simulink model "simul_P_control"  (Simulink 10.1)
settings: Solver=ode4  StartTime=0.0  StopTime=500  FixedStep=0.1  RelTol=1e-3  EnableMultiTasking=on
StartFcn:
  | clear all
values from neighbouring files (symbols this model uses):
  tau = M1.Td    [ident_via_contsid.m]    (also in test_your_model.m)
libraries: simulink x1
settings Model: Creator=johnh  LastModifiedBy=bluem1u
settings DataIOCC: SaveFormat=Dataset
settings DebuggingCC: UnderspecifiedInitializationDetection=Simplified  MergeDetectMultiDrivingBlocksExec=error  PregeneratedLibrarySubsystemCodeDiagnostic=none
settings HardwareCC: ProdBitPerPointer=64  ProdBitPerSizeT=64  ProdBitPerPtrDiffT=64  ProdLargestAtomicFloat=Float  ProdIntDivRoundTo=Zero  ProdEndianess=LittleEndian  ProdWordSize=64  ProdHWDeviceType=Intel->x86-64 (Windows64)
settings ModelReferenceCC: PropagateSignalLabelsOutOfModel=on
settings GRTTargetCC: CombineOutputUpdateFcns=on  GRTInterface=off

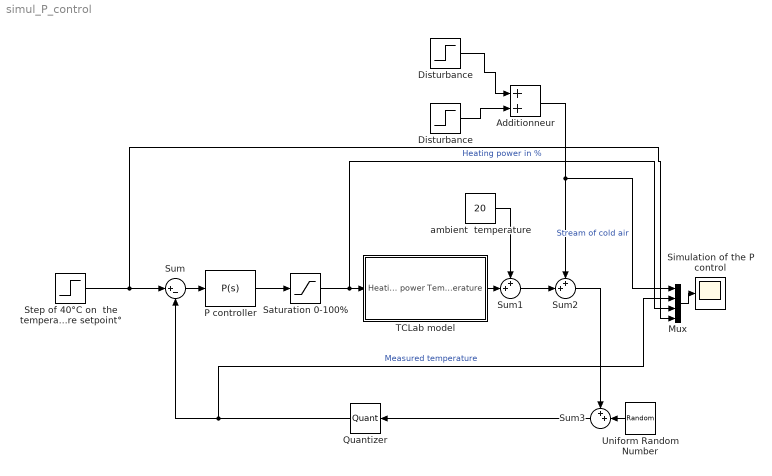
== system simul_P_control ==
  Additionneur : Sum
  Disturbance : Step  Time=300  After=-3  SampleTime=0
  "Disturbance " : Step  Time=320  After=+3  SampleTime=0
  Mux : Mux
  P controller : simulink/Continuous/PID Controller  Controller=P  Form=Parallel  TimeDomain=Continuous-time  UseExternalTs=off  SampleTime=-1  IntegratorMethod=Forward Euler  FilterMethod=Forward Euler  ControllerParametersSource=internal  P=10  I=1  D=1  UseFilter=on  N=100  TunerSelectOption=Transfer Function Based (PID Tuner App)  InitialConditionSource=internal  InitialConditionForIntegrator=0  InitialConditionForFilter=0  DifferentiatorICPrevScaledInput=0  ExternalReset=none  TrackingMode=off  Kt=1  LimitOutput=on  UpperSaturationLimit=100  LowerSaturationLimit=0  LinearizeAsGain=on  AntiWindupMode=clamping  Kb=1  POutMin=[]  POutMax=[]  IOutMin=[]  IOutMax=[]  DOutMin=[]  DOutMax=[]  NOutMin=[]  NOutMax=[]  SumOutMin=[]  SumOutMax=[]  SaturationOutMin=[]  SaturationOutMax=[]  PParamMin=[]  PParamMax=[]  IParamMin=[]  IParamMax=[]  DParamMin=[]  DParamMax=[]  NParamMin=[]  NParamMax=[]  KbParamMin=[]  KbParamMax=[]  KtParamMin=[]  KtParamMax=[]  KbOutMin=[]  KbOutMax=[]  KtOutMin=[]  KtOutMax=[]  IntegratorOutMin=[]  IntegratorOutMax=[]  FilterOutMin=[]  FilterOutMax=[]  SumI1OutMin=[]  SumI1OutMax=[]  SumI2OutMin=[]  SumI2OutMax=[]  SumI3OutMin=[]  SumI3OutMax=[]  SumI4OutMin=[]  SumI4OutMax=[]  SumDOutMin=[]  SumDOutMax=[]  DifferentiatorOutMin=[]  DifferentiatorOutMax=[]  FilterDiffOutCoefMin=[]  FilterDiffOutCoefMax=[]  ReciprocalOutMin=[]  ReciprocalOutMax=[]  SumDenOutMin=[]  SumDenOutMax=[]  SumNumOutMin=[]  SumNumOutMax=[]  DivideOutMin=[]  DivideOutMax=[]  UdiffTsProdOutMin=[]  UdiffTsProdOutMax=[]  NTsProdOutMin=[]  NTsProdOutMax=[]  UintegralTsProdOutMin=[]  UintegralTsProdOutMax=[]  UngainTsProdOutMin=[]  UngainTsProdOutMax=[]  IntegratorContinuousStateAttributes=''  IntegratorStateMustResolveToSignalObject=off  IntegratorRTWStateStorageClass=Auto  FilterContinuousStateAttributes=''  FilterStateMustResolveToSignalObject=off  FilterRTWStateStorageClass=Auto  ParallelPVariant=InternalParameters  IdealPVariant=Disabled  IVariant=Disabled  DVariant=Disabled  IntegratorVariant=Disabled  SatVariant=Enabled  AWVariant=Disabled  PCopyVariant=Disabled  TRVariant=Disabled  FdbkBlocksVariant=Forward  IdealPFdbkVariant=Disabled  SatFdbkVariant=Disabled  DerivativeFilterVariant=Disabled  NVariant=Disabled  NCopyVariant=Disabled_SignalSpec  FilterICVariant=Disabled  IntegratorICVariant=Disabled  ExternalResetVariant=Disabled  TRSumVariant=Passthrough  SumFdbkVariant=Disabled  SumVariant=Passthrough_P  TsampFilterVariant=InternalTs  TsampNgainVariant=Passthrough  TsampIntegralVariant=Disabled_SignalSpec
  Quantizer : Quantizer
  Saturation 0-100% : Saturate  UpperLimit=100  LowerLimit=0
  Simulation of the P control : Scope
  Step of 40°C on  the temperature setpoint° : Step  Time=20  Before=20  After=40  SampleTime=0
  Sum : Sum  Inputs=|+-
  Sum1 : Sum  Inputs=++|
  Sum2 : Sum  Inputs=++|
  Sum3 : Sum  Inputs=++|
  TCLab model : Subsystem
  Uniform Random Number : UniformRandomNumber  Minimum=-0.8  Maximum=0.8  SampleTime=0.1
  "ambient  temperature " : Constant  Value=20
  wires:
  Mux/1 -> Simulation of the P control/1
  Step of 40°C on  the temperature setpoint°/1 -> Mux/4, Sum/1
  Sum/1 -> P controller/1
  "ambient  temperature "/1 -> Sum1/1
  TCLab model/1("Temperature ") -> Sum1/2
  Sum1/1 -> Sum2/2
  Sum2/1 -> Sum3/1
  Disturbance/1 -> Additionneur/1
  "Disturbance "/1 -> Additionneur/2
  Additionneur/1 -> Mux/1, Sum2/1  "Stream of cold air"
  Uniform Random Number/1 -> Sum3/2
  P controller/1 -> Saturation 0-100%/1
  Saturation 0-100%/1 -> TCLab model/1("Heating power "), Mux/3  "Heating power in %"
  Quantizer/1 -> Mux/2, Sum/2  "Measured temperature"
  Sum3/1 -> Quantizer/1

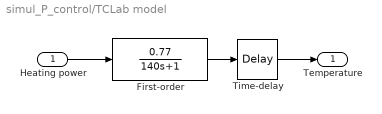
== system simul_P_control/TCLab model ==
  "Heating power " : Inport
  First-order : TransferFcn  Numerator=[0.77]  Denominator=[140 1]
  Time-delay : TransportDelay  DelayTime=tau
  "Temperature " : Outport  VectorParamsAs1DForOutWhenUnconnected=off
  wires:
  "Heating power "/1 -> First-order/1
  First-order/1 -> Time-delay/1
  Time-delay/1 -> "Temperature "/1
━━━━━━━━━━━━━━━━━━━━━━━━━━━━━━
▶ About this task: Lines from the one with "system simul_P_control/TCLab model" through the last line above must be printed exactly; no other line is to appear.

▶ Task solution:
== system simul_P_control/TCLab model ==
  "Heating power " : Inport
  First-order : TransferFcn  Numerator=[0.77]  Denominator=[140 1]
  Time-delay : TransportDelay  DelayTime=tau
  "Temperature " : Outport  VectorParamsAs1DForOutWhenUnconnected=off
  wires:
  "Heating power "/1 -> First-order/1
  First-order/1 -> Time-delay/1
  Time-delay/1 -> "Temperature "/1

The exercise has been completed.